The fact that all Eu doped samples obtained in this work showed a thermoluminescent behaviour due to gamma irradiation suggest a possibility to use the HAp: Eu nanosystem as gamma radiation dosimeter. However, more thermoluminescent studies are necessary before to consider as dosimeter, such as, the linearity range test, which show the full range of linear relationship between TL response and dosage (Gy), the reproducibility of the TL measurements, the fading test or the process in which there is an unintentional loss of the information [48], which will be our next objective.

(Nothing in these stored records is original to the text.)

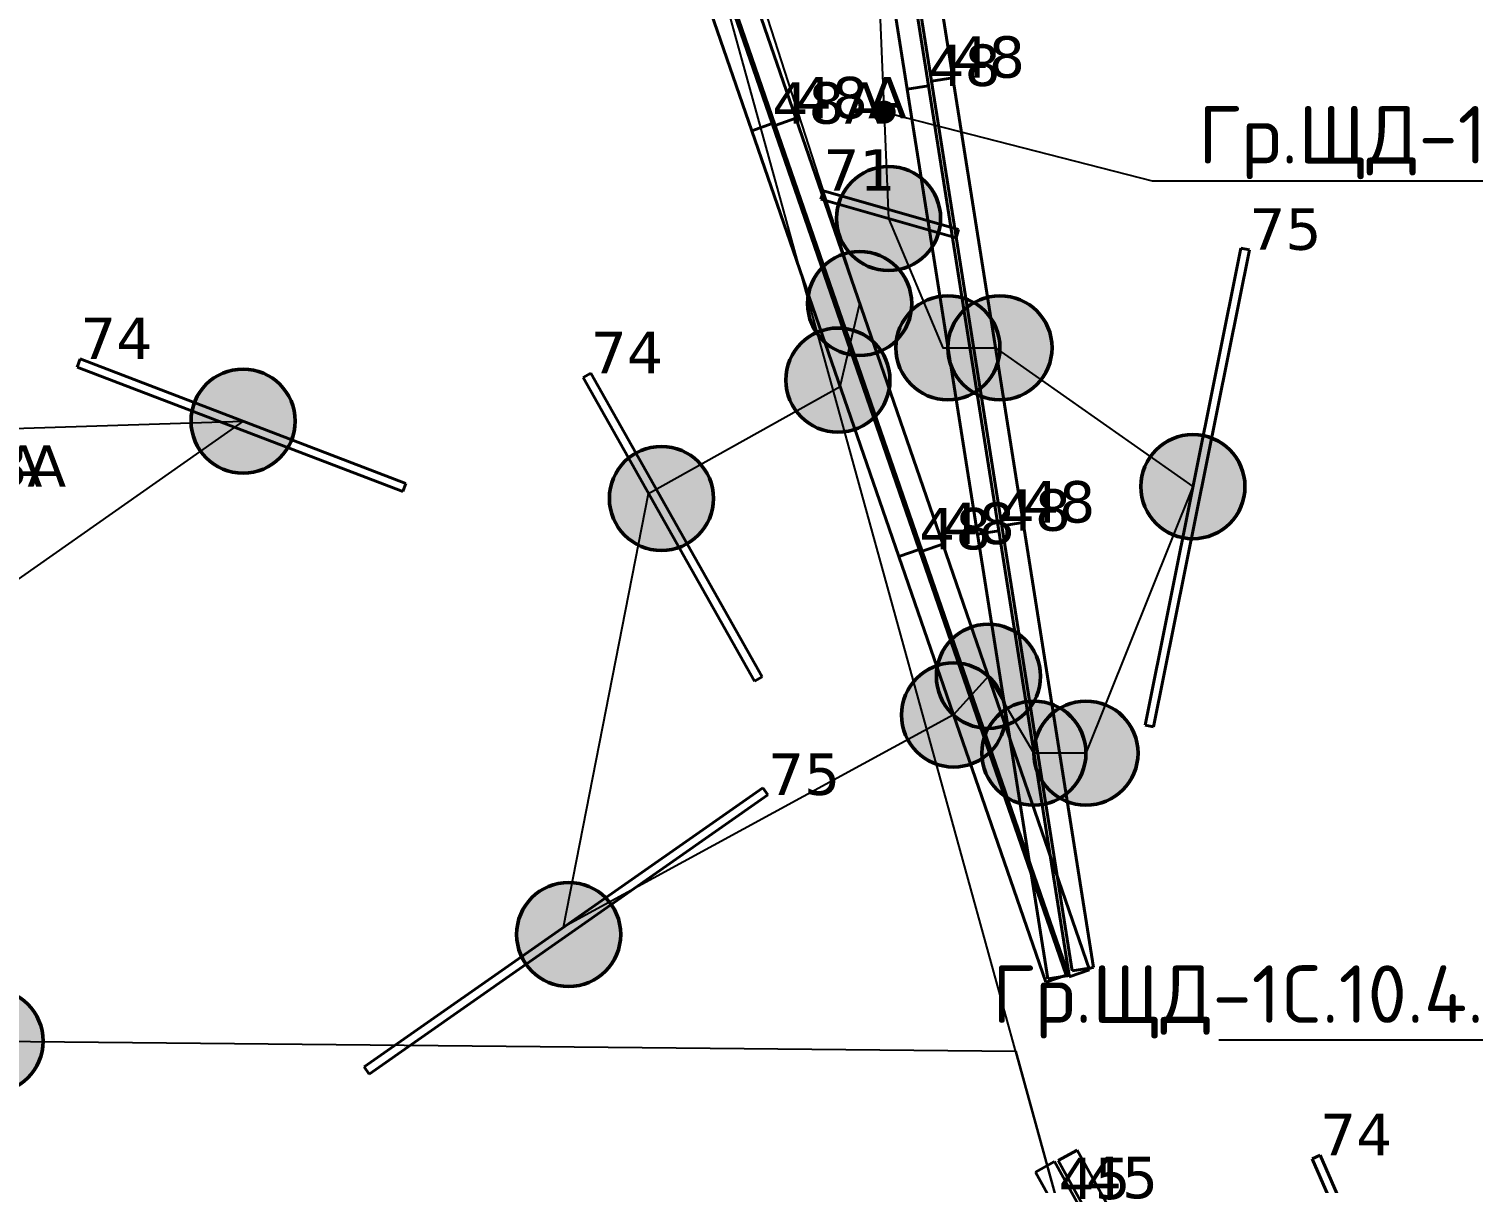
# Model space of a CAD drawing. Header units: millimetres. Extents: x -243740 to 150609, y -473655 to -165121.
# Drawn here: x 7083 to 13362, y -327835 to -322817 of the extents above; entities that cross this region are included whole.
import ezdxf
from ezdxf import colors
from ezdxf.entities.mleader import LeaderData, LeaderLine
from ezdxf.math import Vec2, Vec3

# ---------------------------------------------------------------- set-up
doc = ezdxf.new("R2010")
doc.units = ezdxf.units.MM
for name, color, linetype in [('_Гр.ЩД-1C.10.4.I10.1', 6, 'Continuous'), ('_Гр.ЩД-1C.10.4.I9.5', 6, 'Continuous'), ('_Гр.ЩД-1C.10.4.I9.6', 6, 'Continuous')]:
    doc.layers.add(name, color=color, linetype=linetype)
for name, color, linetype, lineweight in [('_освещение_dali', 3, 'Continuous', 50), ('DLX_FL1_LUM 122', 1, 'Continuous', 40), ('DLX_FL1_LUM 222', 5, 'Continuous', 40), ('DLX_LUM 12', 5, 'Continuous', 40), ('DLX_LUM 17', 5, 'Continuous', 40), ('DLX_LUM 18', 5, 'Continuous', 40), ('DLX_LUM 3', 5, 'Continuous', 40)]:
    doc.layers.add(name, color=color, linetype=linetype, lineweight=lineweight)
doc.styles.add('ISOCPEUR', font='isocpeur.ttf')
doc.styles.add('TableTextStyle', font='')
doc.styles.get('TableTextStyle').set_extended_font_data('VERDANA.TTF')
doc.linetypes.add('Truba', pattern='A,3e-05,[4,MSH_7,S=1,R=0,X=0,Y=0],-3.022072', length=3.022102)

# ---------------------------------------------------------------- blocks, each defined once
blk = doc.blocks.new('A$Caabd1818')
at = {"layer": 'DLX_FL1_LUM 122'}
for points in [[(6823.9, 76426.8, 0), (7129.8, 74492.9, 0)], [(7129.8, 74492.9, 0), (6823.9, 76426.8, 0)], [(7129.8, 74492.9, 0), (6823.9, 76426.8, 0)], [(6823.9, 76426.8, 0), (7129.8, 74492.9, 0)], [(6931.2, 74442.5, 0), (6625.3, 76376.5, 0)], [(6625.3, 76376.5, 0), (6931.2, 74442.5, 0)], [(6625.3, 76376.5, 0), (6931.2, 74442.5, 0)], [(6931.2, 74442.5, 0), (6625.3, 76376.5, 0)], [(6718.2, 76391.1, 0), (7024.1, 74457.2, 0)], [(7024.1, 74457.2, 0), (6718.2, 76391.1, 0)], [(7024.1, 74457.2, 0), (6718.2, 76391.1, 0)], [(6718.2, 76391.1, 0), (7024.1, 74457.2, 0)], [(7036.9, 74478.2, 0), (6731.1, 76412.2, 0)], [(6731.1, 76412.2, 0), (7036.9, 74478.2, 0)], [(6731.1, 76412.2, 0), (7036.9, 74478.2, 0)], [(7036.9, 74478.2, 0), (6731.1, 76412.2, 0)], [(7129.8, 74492.9, 0), (7036.9, 74478.2, 0)], [(7036.9, 74478.2, 0), (7129.8, 74492.9, 0)], [(7036.9, 74478.2, 0), (7129.8, 74492.9, 0)], [(7129.8, 74492.9, 0), (7036.9, 74478.2, 0)], [(7036.9, 74478.2, 0), (7036.9, 74478.2, 0)], [(7036.9, 74478.2, 0), (7036.9, 74478.2, 0)], [(7129.8, 74492.9, 0), (7129.8, 74492.9, 0)], [(7129.8, 74492.9, 0), (7129.8, 74492.9, 0)], [(7024.1, 74457.2, 0), (6931.2, 74442.5, 0)], [(6931.2, 74442.5, 0), (7024.1, 74457.2, 0)], [(6931.2, 74442.5, 0), (7024.1, 74457.2, 0)], [(7024.1, 74457.2, 0), (6931.2, 74442.5, 0)], [(6931.2, 74442.5, 0), (6931.2, 74442.5, 0)], [(6931.2, 74442.5, 0), (6931.2, 74442.5, 0)], [(7024.1, 74457.2, 0), (7024.1, 74457.2, 0)], [(7024.1, 74457.2, 0), (7024.1, 74457.2, 0)], [(6256.4, 74262.4, 0), (6345.2, 74293.1, 0)], [(6345.2, 74293.1, 0), (6256.4, 74262.4, 0)], [(6345.2, 74293.1, 0), (6256.4, 74262.4, 0)], [(6256.4, 74262.4, 0), (6345.2, 74293.1, 0)], [(6345.2, 74293.1, 0), (6345.2, 74293.1, 0)], [(6345.2, 74293.1, 0), (6984.2, 72442.3, 0)], [(6984.2, 72442.3, 0), (6345.2, 74293.1, 0)], [(6345.2, 74293.1, 0), (6345.2, 74293.1, 0)], [(6984.2, 72442.3, 0), (6345.2, 74293.1, 0)], [(6345.2, 74293.1, 0), (6984.2, 72442.3, 0)], [(6358.4, 74285.6, 0), (6447.3, 74316.3, 0)], [(6447.3, 74316.3, 0), (6358.4, 74285.6, 0)], [(6447.3, 74316.3, 0), (6358.4, 74285.6, 0)], [(6358.4, 74285.6, 0), (6447.3, 74316.3, 0)], [(6997.4, 72434.8, 0), (6358.4, 74285.6, 0)], [(6358.4, 74285.6, 0), (6358.4, 74285.6, 0)], [(6358.4, 74285.6, 0), (6997.4, 72434.8, 0)], [(6358.4, 74285.6, 0), (6358.4, 74285.6, 0)], [(6358.4, 74285.6, 0), (6997.4, 72434.8, 0)], [(6997.4, 72434.8, 0), (6358.4, 74285.6, 0)], [(6447.3, 74316.3, 0), (6447.3, 74316.3, 0)], [(6447.3, 74316.3, 0), (7086.3, 72465.4, 0)], [(7086.3, 72465.4, 0), (6447.3, 74316.3, 0)], [(6447.3, 74316.3, 0), (6447.3, 74316.3, 0)], [(7086.3, 72465.4, 0), (6447.3, 74316.3, 0)], [(6447.3, 74316.3, 0), (7086.3, 72465.4, 0)], [(6895.3, 72411.6, 0), (6256.4, 74262.4, 0)], [(6256.4, 74262.4, 0), (6256.4, 74262.4, 0)], [(6256.4, 74262.4, 0), (6895.3, 72411.6, 0)], [(6256.4, 74262.4, 0), (6256.4, 74262.4, 0)], [(6256.4, 74262.4, 0), (6895.3, 72411.6, 0)], [(6895.3, 72411.6, 0), (6256.4, 74262.4, 0)], [(7086.3, 72465.4, 0), (6997.4, 72434.8, 0)], [(6997.4, 72434.8, 0), (7086.3, 72465.4, 0)], [(6997.4, 72434.8, 0), (7086.3, 72465.4, 0)], [(7086.3, 72465.4, 0), (6997.4, 72434.8, 0)], [(7086.3, 72465.4, 0), (7086.3, 72465.4, 0)], [(7086.3, 72465.4, 0), (7086.3, 72465.4, 0)], [(6984.2, 72442.3, 0), (6895.3, 72411.6, 0)], [(6895.3, 72411.6, 0), (6984.2, 72442.3, 0)], [(6895.3, 72411.6, 0), (6984.2, 72442.3, 0)], [(6984.2, 72442.3, 0), (6895.3, 72411.6, 0)], [(6895.3, 72411.6, 0), (6895.3, 72411.6, 0)], [(6895.3, 72411.6, 0), (6895.3, 72411.6, 0)], [(6984.2, 72442.3, 0), (6984.2, 72442.3, 0)], [(6984.2, 72442.3, 0), (6984.2, 72442.3, 0)], [(6997.4, 72434.8, 0), (6997.4, 72434.8, 0)], [(6997.4, 72434.8, 0), (6997.4, 72434.8, 0)]]:
    blk.add_polyline3d(points, dxfattribs=at)
at = {"layer": 'DLX_FL1_LUM 222'}
for points in [[(6256.4, 74262.4, 0), (5617.4, 76113.2, 0)], [(5617.4, 76113.2, 0), (6256.4, 74262.4, 0)], [(5617.4, 76113.2, 0), (6256.4, 74262.4, 0)], [(6256.4, 74262.4, 0), (5617.4, 76113.2, 0)], [(5706.2, 76143.9, 0), (6345.2, 74293.1, 0)], [(6345.2, 74293.1, 0), (5706.2, 76143.9, 0)], [(6345.2, 74293.1, 0), (5706.2, 76143.9, 0)], [(5706.2, 76143.9, 0), (6345.2, 74293.1, 0)], [(6358.4, 74285.6, 0), (5719.5, 76136.4, 0)], [(5719.5, 76136.4, 0), (6358.4, 74285.6, 0)], [(5719.5, 76136.4, 0), (6358.4, 74285.6, 0)], [(6358.4, 74285.6, 0), (5719.5, 76136.4, 0)], [(5808.3, 76167.1, 0), (6447.3, 74316.2, 0)], [(6447.3, 74316.2, 0), (5808.3, 76167.1, 0)], [(6447.3, 74316.2, 0), (5808.3, 76167.1, 0)], [(5808.3, 76167.1, 0), (6447.3, 74316.2, 0)], [(7036.9, 74478.2, 0), (7129.8, 74492.9, 0)], [(7129.8, 74492.9, 0), (7036.9, 74478.2, 0)], [(7129.8, 74492.9, 0), (7036.9, 74478.2, 0)], [(7036.9, 74478.2, 0), (7129.8, 74492.9, 0)], [(7342.8, 72544.2, 0), (7036.9, 74478.2, 0)], [(7036.9, 74478.2, 0), (7036.9, 74478.2, 0)], [(7036.9, 74478.2, 0), (7342.8, 72544.2, 0)], [(7036.9, 74478.2, 0), (7036.9, 74478.2, 0)], [(7036.9, 74478.2, 0), (7342.8, 72544.2, 0)], [(7342.8, 72544.2, 0), (7036.9, 74478.2, 0)], [(7129.8, 74492.9, 0), (7129.8, 74492.9, 0)], [(7129.8, 74492.9, 0), (7435.7, 72558.9, 0)], [(7435.7, 72558.9, 0), (7129.8, 74492.9, 0)], [(7129.8, 74492.9, 0), (7129.8, 74492.9, 0)], [(7435.7, 72558.9, 0), (7129.8, 74492.9, 0)], [(7129.8, 74492.9, 0), (7435.7, 72558.9, 0)], [(6931.2, 74442.5, 0), (7024.1, 74457.2, 0)], [(7024.1, 74457.2, 0), (6931.2, 74442.5, 0)], [(7024.1, 74457.2, 0), (6931.2, 74442.5, 0)], [(6931.2, 74442.5, 0), (7024.1, 74457.2, 0)], [(7237.1, 72508.5, 0), (6931.2, 74442.5, 0)], [(6931.2, 74442.5, 0), (6931.2, 74442.5, 0)], [(6931.2, 74442.5, 0), (7237.1, 72508.5, 0)], [(6931.2, 74442.5, 0), (6931.2, 74442.5, 0)], [(6931.2, 74442.5, 0), (7237.1, 72508.5, 0)], [(7237.1, 72508.5, 0), (6931.2, 74442.5, 0)], [(7024.1, 74457.2, 0), (7024.1, 74457.2, 0)], [(7024.1, 74457.2, 0), (7329.9, 72523.2, 0)], [(7329.9, 72523.2, 0), (7024.1, 74457.2, 0)], [(7024.1, 74457.2, 0), (7024.1, 74457.2, 0)], [(7329.9, 72523.2, 0), (7024.1, 74457.2, 0)], [(7024.1, 74457.2, 0), (7329.9, 72523.2, 0)], [(6345.2, 74293.1, 0), (6256.4, 74262.4, 0)], [(6256.4, 74262.4, 0), (6345.2, 74293.1, 0)], [(6256.4, 74262.4, 0), (6345.2, 74293.1, 0)], [(6345.2, 74293.1, 0), (6256.4, 74262.4, 0)], [(6345.2, 74293.1, 0), (6345.2, 74293.1, 0)], [(6345.2, 74293.1, 0), (6345.2, 74293.1, 0)], [(6447.3, 74316.2, 0), (6358.4, 74285.6, 0)], [(6358.4, 74285.6, 0), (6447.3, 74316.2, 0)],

Due to the increase in the usage of the gamma irradiation proceess, there is a continuing need to develop new thermoluminescent materials, which are able to measure gamma radiation fields. They must show major advantages respect to other systmes (like small physical size, easy to transport, more sensitive, reusable with only a gradual change in efficiency, more economical).

4 Conclusion

In this work, we have successfully synthesized pure and Eu-doped hydroxyapatite nanorods by using microwave assisted hydrothermal method. Rod-like structures with different width from 20 to 40 nm and ~ 50 nm of length were observed. The aspect ratio of these structures depends on the Eu added during the synthesis of HAp. All the samples revealed the presence of hexagonal and monoclinic crystalline phases. Furthermore, Rietveld analysis of XRD patterns quantified the proportion of each crystalline phase and the presence of EuPO4·H2O with a minimal proportion of Eu that segregates. It was also found that the increasing of the Eu dopant resulted in decrease in the concentration of hexagonal phase and an increase in the concentration of monoclinic phase. Moreover, the increasing in Eu concentration induced a growth in the crystal size for monoclinic phase, while a decrement in the crystal size of hexagonal phase was observed. Thermoluminescence properties of pure and Eu doped HAp samples were also investigated in this work. Unlike pure HAp, which shows a weak TL signal induced by gamma radiation, Eu-doped HAp demonstrates highly intense TL response and 0.5 wt% Eu doped HAp show the relatively highest TL response. However, the TL curve shape was highly dependent on the Eu concentration. A lower shift in the peak intensity from 153 to 130 °C resulted from an increase in Eu concentration. In addition, a second or third maximum peak appeared at higher temperature for higher doping. This thermoluminescent behavior is based on the crystalline composition and crystal size of each sample, which in turn are dependent on the Eu concertation. Our results show that the dopant induced more trapping centers or recombination centers for obtaining higher TL signal compared to pure HAp. Finally, the fact that doped samples showed a linear relationship between the TL Intensity (I) and dosage (D) in the range from 1 to 100 Gy, which facilitates the development of novel hydroxyapatite materials as radiation sensors specifically for gamma radiation.